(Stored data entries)

_ _ _ _ _ _ _

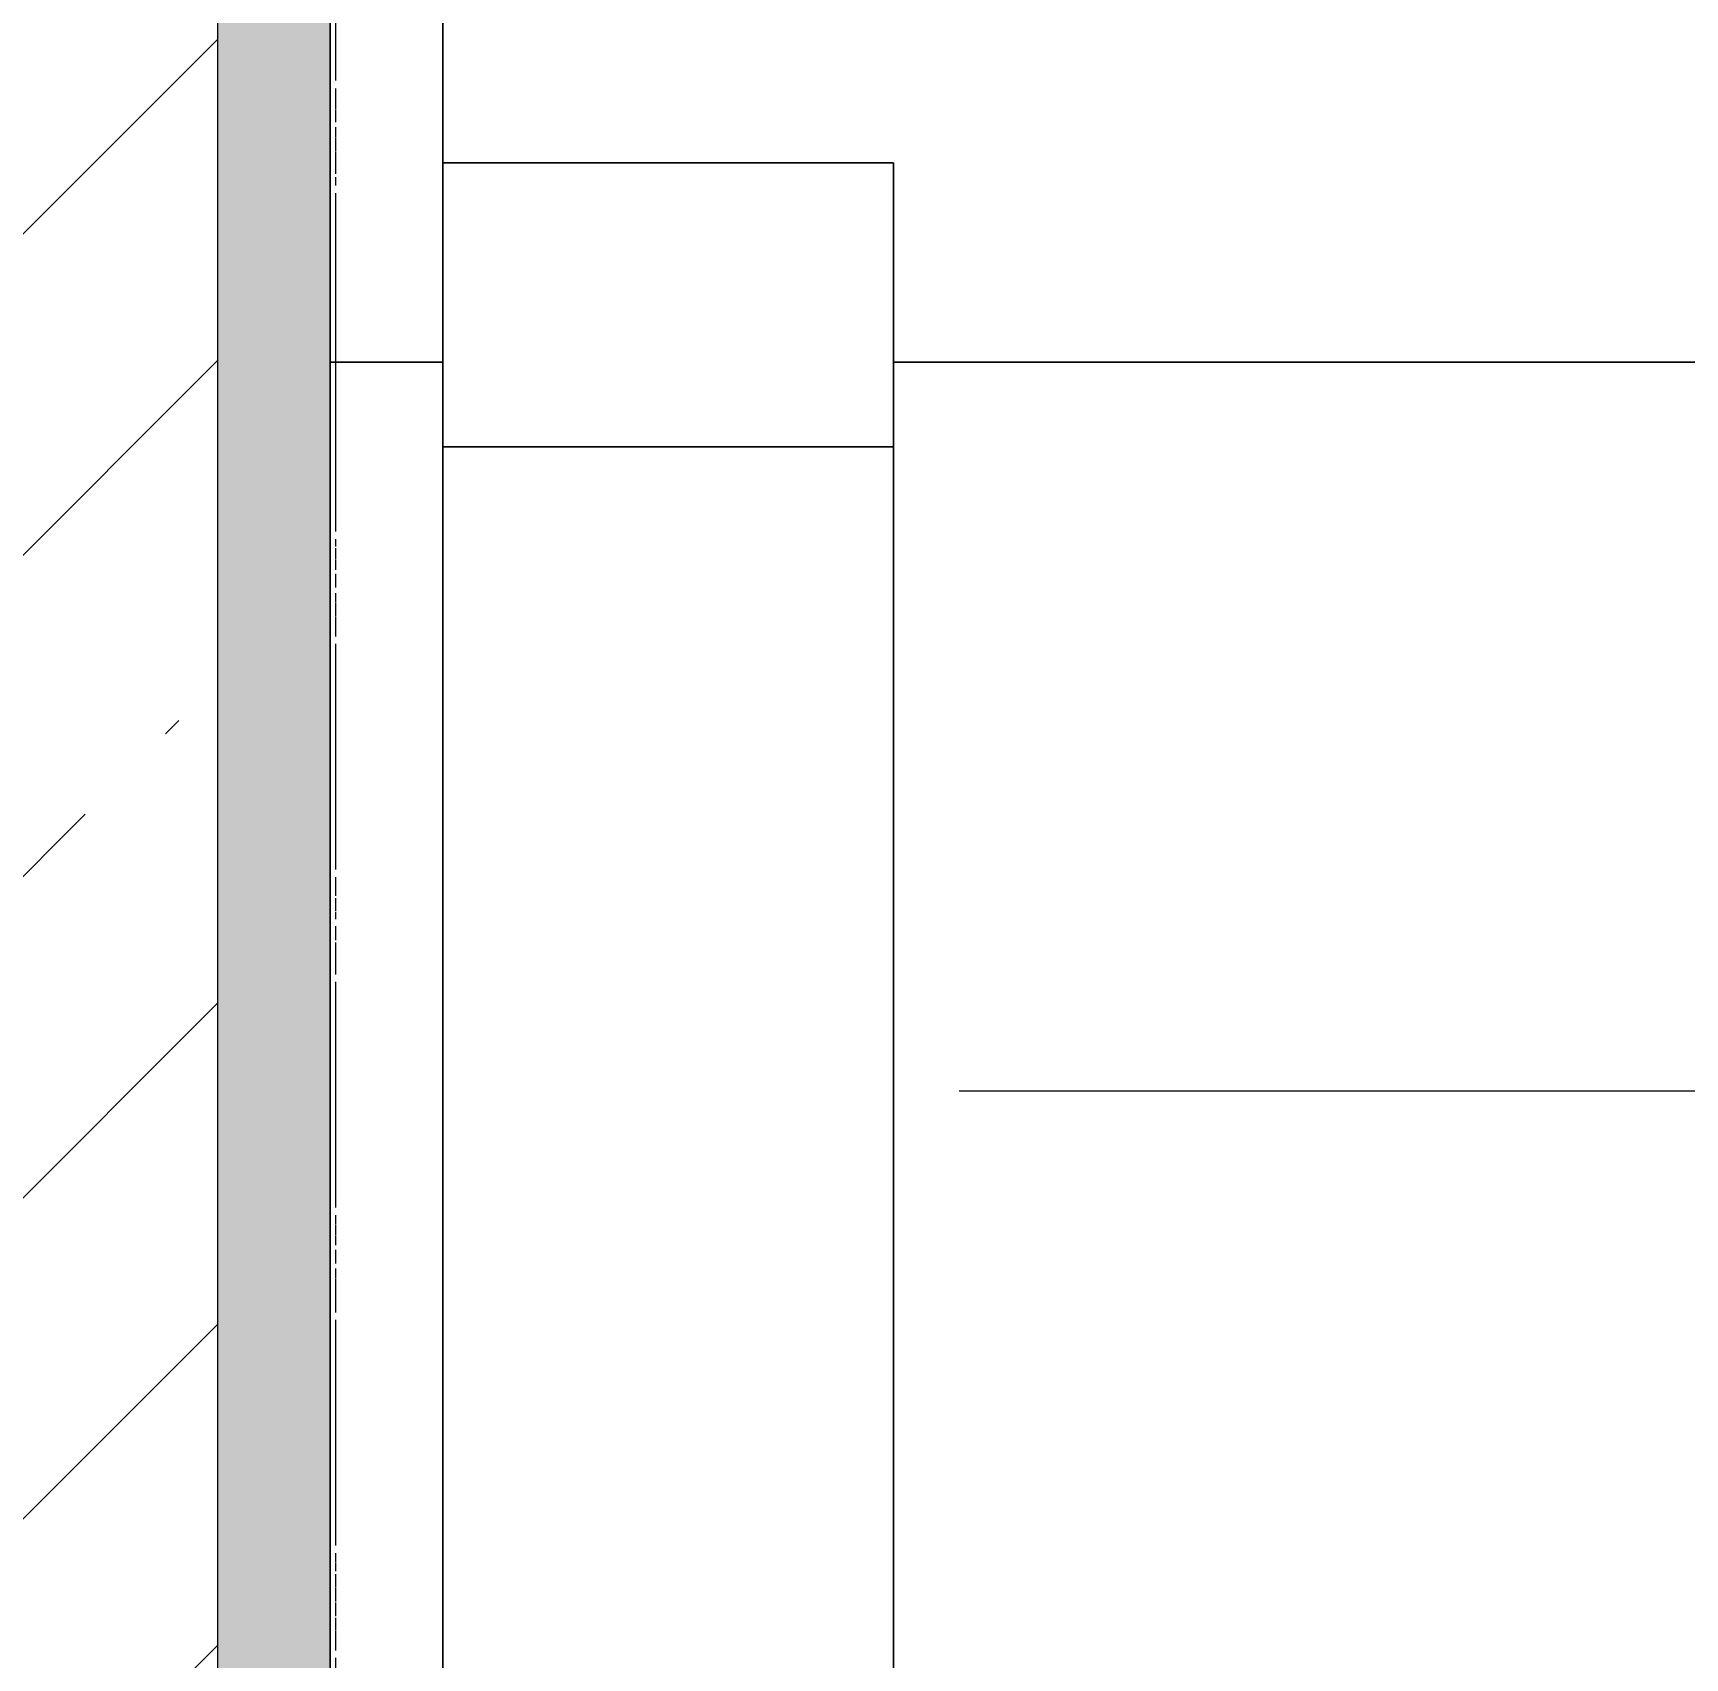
# Model space of a CAD drawing. Header units: millimetres. Extents: x 81494 to 296443, y -8553 to 29000.
# Drawn here: x 100767.2 to 101060.5, y 19024.5 to 19312.9 of the extents above; entities that cross this region are included whole.
import ezdxf

# ---------------------------------------------------------------- set-up
doc = ezdxf.new("R2010")
doc.units = ezdxf.units.MM
for name, color, linetype, lineweight in [('A-ANNO-DIMS', 7, 'Continuous', 9), ('A-ANNO-DIMS-100', 7, 'Continuous', 9), ('A-WALL', 7, 'Continuous', 9), ('I-FURN-IDEN', 7, 'Continuous', 9), ('I-WALL', 7, 'Continuous', 9)]:
    doc.layers.add(name, color=color, linetype=linetype, lineweight=lineweight)
for name, color, linetype, lineweight, true_color in [('A-WALL-1', 9, 'Continuous', 9, 0x808080), ('A-WALL-FNSH-1', 9, 'Continuous', 9, 0x808080), ('I-FURN-1', 9, 'Continuous', 9, 0x808080)]:
    doc.layers.add(name, color=color, linetype=linetype, lineweight=lineweight, true_color=true_color)
doc.styles.add('ISOCPEUR_1', font='isocpeur.ttf', dxfattribs={"width": 0.9, "height": 200})
doc.dimstyles.new('ISO-2_0_0_9К_Средний_округл2', dxfattribs={"dimscale": 304.8, "dimtxt": 199.196235, "dimasz": 0.492126, "dimexe": 0.393701, "dimexo": 0, "dimgap": 0, "dimtad": 1, "dimdec": 0, "dimrnd": 10, "dimzin": 0, "dimdsep": 46, "dimtxsty": 'ISOCPEUR_1', "dimblk1": 'OBLIQUE', "dimblk2": 'OBLIQUE', "dimsah": 1, "dimcen": 0.09, "dimdle": 0.393701, "dimazin": 0, "dimtfac": 1, "dimtdec": 4, "dimtix": 1, "dimtmove": 0, "dimatfit": 3, "dimfxl": 1, "dimtvp": 1, "dimtolj": 1, "dimtzin": 0, "dimarcsym": 2})

# ---------------------------------------------------------------- blocks, each defined once
blk = doc.blocks.new('Бизиборд лего - бизиборд 1_21б-32328682-План расстановки мебели и оборудования 1 этажа в осях 23_1-33')
at = {"layer": 'I-FURN-1'}
for p, q in [((315, 100), (-35.37, 100)), ((-35.37, 100), (-35.37, 20)), ((-35.37, 20), (-35.37, 100)), ((-35.37, 100), (315, 100)), ((315, 100), (15, 100)), ((15, 100), (15, 20)), ((15, 20), (15, 100)), ((15, 100), (315, 100)), ((0, 20), (-500, 20)), ((-85, 20), (-50, 20)), ((-50, 20), (-35.35, 20)), ((-35.35, 20), (-50, 20)), ((-50, 20), (-35.35, 20)), ((-45, 20), (-50, 20)), ((-50, 20), (-35.35, 20)), ((-49.66, 20), (-50, 20)), ((-50, 20), (-35.35, 20)), ((-35.35, 20), (-50, 20)), ((-50, 20), (-35.35, 20)), ((-35.35, 20), (-50, 20)), ((-50, 20), (-35.35, 20)), ((-47.07, 20), (-50, 20)), ((-50, 20), (-35.35, 20)), ((-35.35, 20), (-50, 20)), ((-50, 20), (-42.59, 20)), ((-48.66, 20), (-50, 20)), ((-50, 20), (-48.66, 20)), ((-49.66, 20), (-50, 20)), ((-50, 20), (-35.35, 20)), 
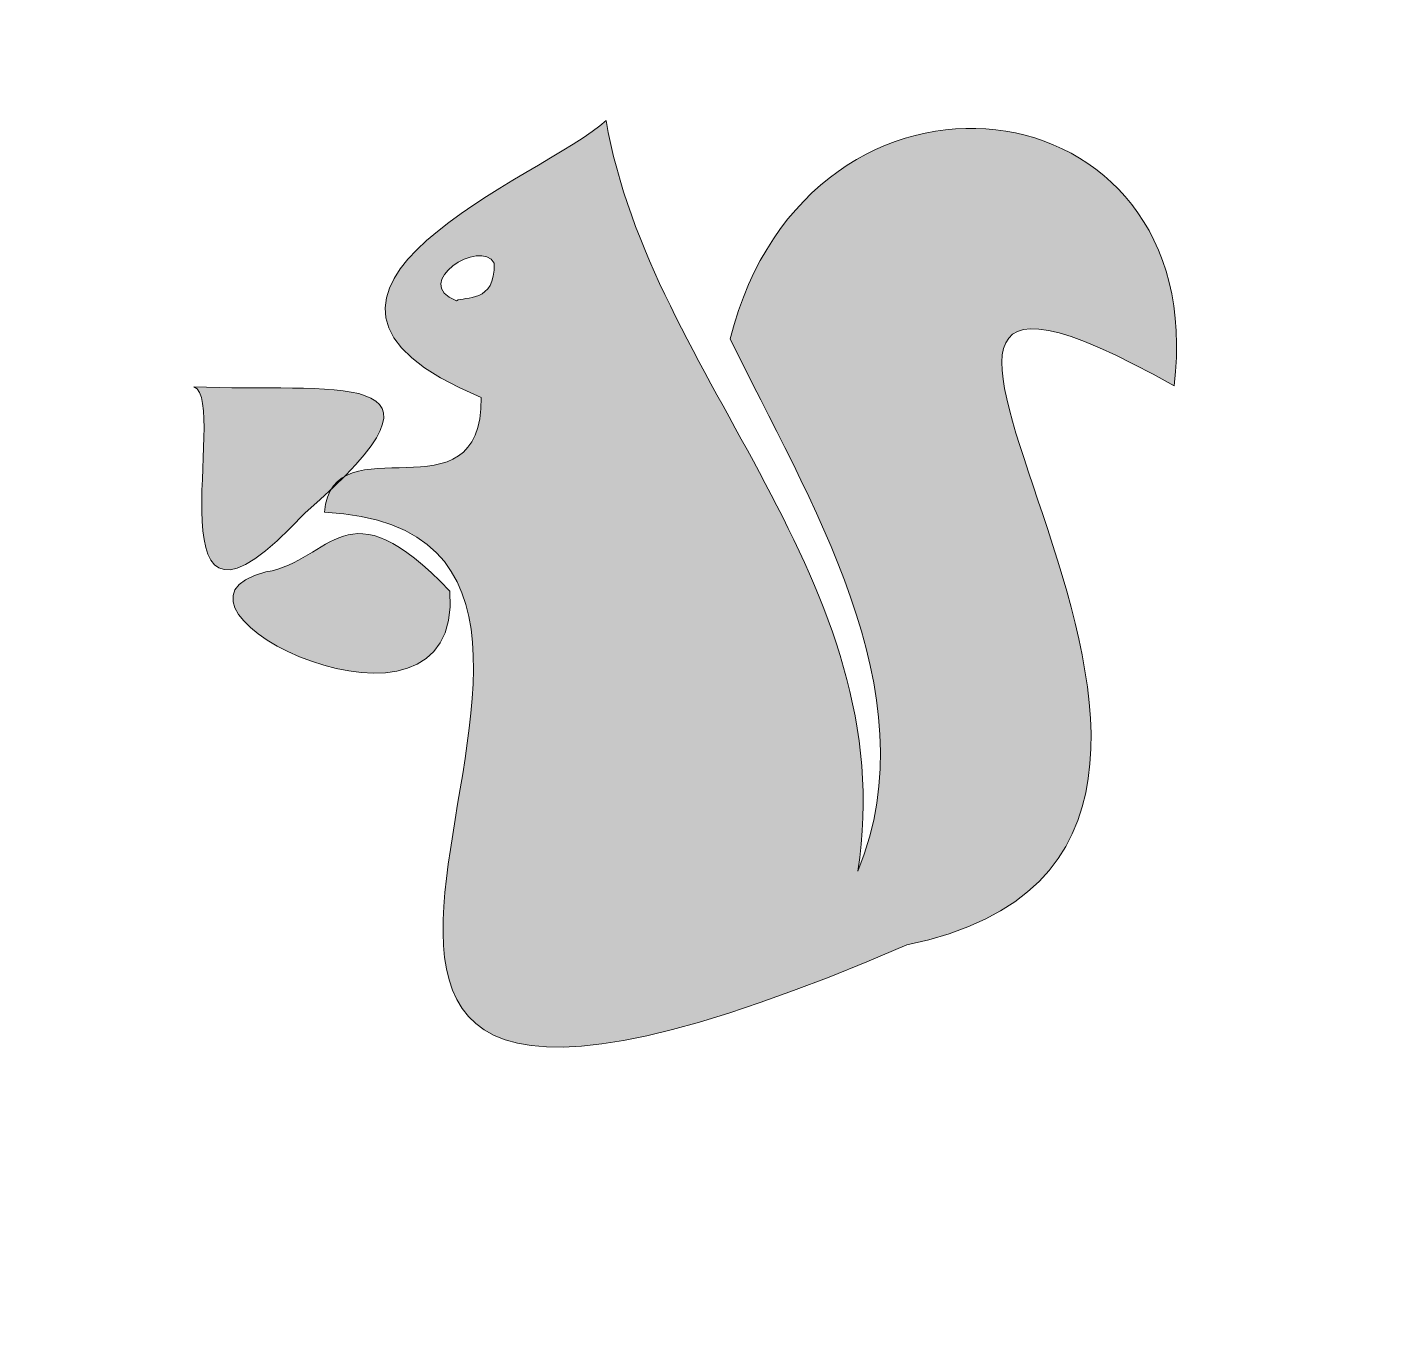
# Model space of a CAD drawing. Extents: x 210 to 429, y 273 to 481.
import ezdxf

# ---------------------------------------------------------------- set-up
doc = ezdxf.new("R2010")
doc.units = 0
doc.header["$MEASUREMENT"] = 0
doc.layers.add('Capa 1', color=7, linetype='Continuous')

# ---------------------------------------------------------------- blocks, each defined once
blk = doc.blocks.new('block 2')
at = {"layer": 'Capa 1', "true_color": 0xffffff}
h = blk.add_hatch(color=7, dxfattribs=at)
h.dxf.hatch_style = 2
edge = h.paths.add_edge_path()
edge.add_spline(control_points=[(277.34, 390.4), (279.46, 361.71), (225.81, 388), (247.84, 393.46), (258.46, 395.19), (260.49, 408.06), (277.34, 390.4)], knot_values=[0, 0, 0, 0, 1, 1, 1, 2, 2, 2, 2], degree=3, periodic=1)
edge = h.paths.add_edge_path()
edge.add_spline(control_points=[(254.08, 402.9), (282.15, 427.19), (257.78, 422.09), (236.29, 423.17), (242.22, 420.88), (227.95, 374.65), (254.08, 402.9)], knot_values=[0, 0, 0, 0, 1, 1, 1, 2, 2, 2, 2], degree=3, periodic=1)
edge = h.paths.add_edge_path()
edge.add_spline(control_points=[(393.51, 423.33), (318.52, 465.38), (428.72, 349.68), (350.66, 333.62), (209.56, 273.02), (325.93, 399.51), (257.22, 403.03), (258.51, 418), (282.57, 401.05), (282.36, 421.44), (241.93, 438.32), (292.75, 456.93), (302.4, 465.89), (309.47, 424.45), (349.96, 392.12), (342.79, 345.47), (354.66, 374.31), (334.63, 405.33), (322.32, 430.87), (334.92, 480.83), (399.57, 472.82), (393.51, 423.33)], knot_values=[0, 0, 0, 0, 1, 1, 1, 2, 2, 2, 3, 3, 3, 4, 4, 4, 5, 5, 5, 6, 6, 6, 7, 7, 7, 7], degree=3, periodic=1)
edge = h.paths.add_edge_path()
edge.add_spline(control_points=[(284.45, 443.01), (282.32, 447.06), (270.93, 439.76), (278.41, 436.97), (279.65, 437.71), (284.69, 436.51), (284.45, 443.01)], knot_values=[0, 0, 0, 0, 1, 1, 1, 2, 2, 2, 2], degree=3, periodic=1)
at = {"layer": 'Capa 1', "lineweight": 0}
for points, knots in [([(393.51, 423.33), (318.52, 465.38), (428.72, 349.68), (350.66, 333.62), (209.56, 273.02), (325.93, 399.51), (257.22, 403.03), (258.51, 418), (282.57, 401.05), (282.36, 421.44), (241.93, 438.32), (292.75, 456.93), (302.4, 465.89), (309.47, 424.45), (349.96, 392.12), (342.79, 345.47), (354.66, 374.31), (334.63, 405.33), (322.32, 430.87), (334.92, 480.83), (399.57, 472.82), (393.51, 423.33)], [0, 0, 0, 0, 1, 1, 1, 2, 2, 2, 3, 3, 3, 4, 4, 4, 5, 5, 5, 6, 6, 6, 7, 7, 7, 7]), ([(284.45, 443.01), (282.32, 447.06), (270.93, 439.76), (278.41, 436.97), (279.65, 437.71), (284.69, 436.51), (284.45, 443.01)], [0, 0, 0, 0, 1, 1, 1, 2, 2, 2, 2]), ([(254.08, 402.9), (282.15, 427.19), (257.78, 422.09), (236.29, 423.17), (242.22, 420.88), (227.95, 374.65), (254.08, 402.9)], [0, 0, 0, 0, 1, 1, 1, 2, 2, 2, 2]), ([(277.34, 390.4), (279.46, 361.71), (225.81, 388), (247.84, 393.46), (258.46, 395.19), (260.49, 408.06), (277.34, 390.4)], [0, 0, 0, 0, 1, 1, 1, 2, 2, 2, 2])]:
    blk.add_open_spline(points, degree=3, knots=knots, dxfattribs=at)

msp = doc.modelspace()

# ---------------------------------------------------------------- block references
at = {"layer": 'Capa 1'}
msp.add_blockref('block 2', (0, 0), dxfattribs=at)

doc.saveas('drawing.dxf')

_ _ _ _ _ _ _

(Work request) Search the lines above for the string "units" and copy each line that has it.

(Written solution)
# Model space of a CAD drawing. Header units: millimetres. Extents: x 81494 to 296443, y -8553 to 29000.
doc.units = ezdxf.units.MM
doc.units = 0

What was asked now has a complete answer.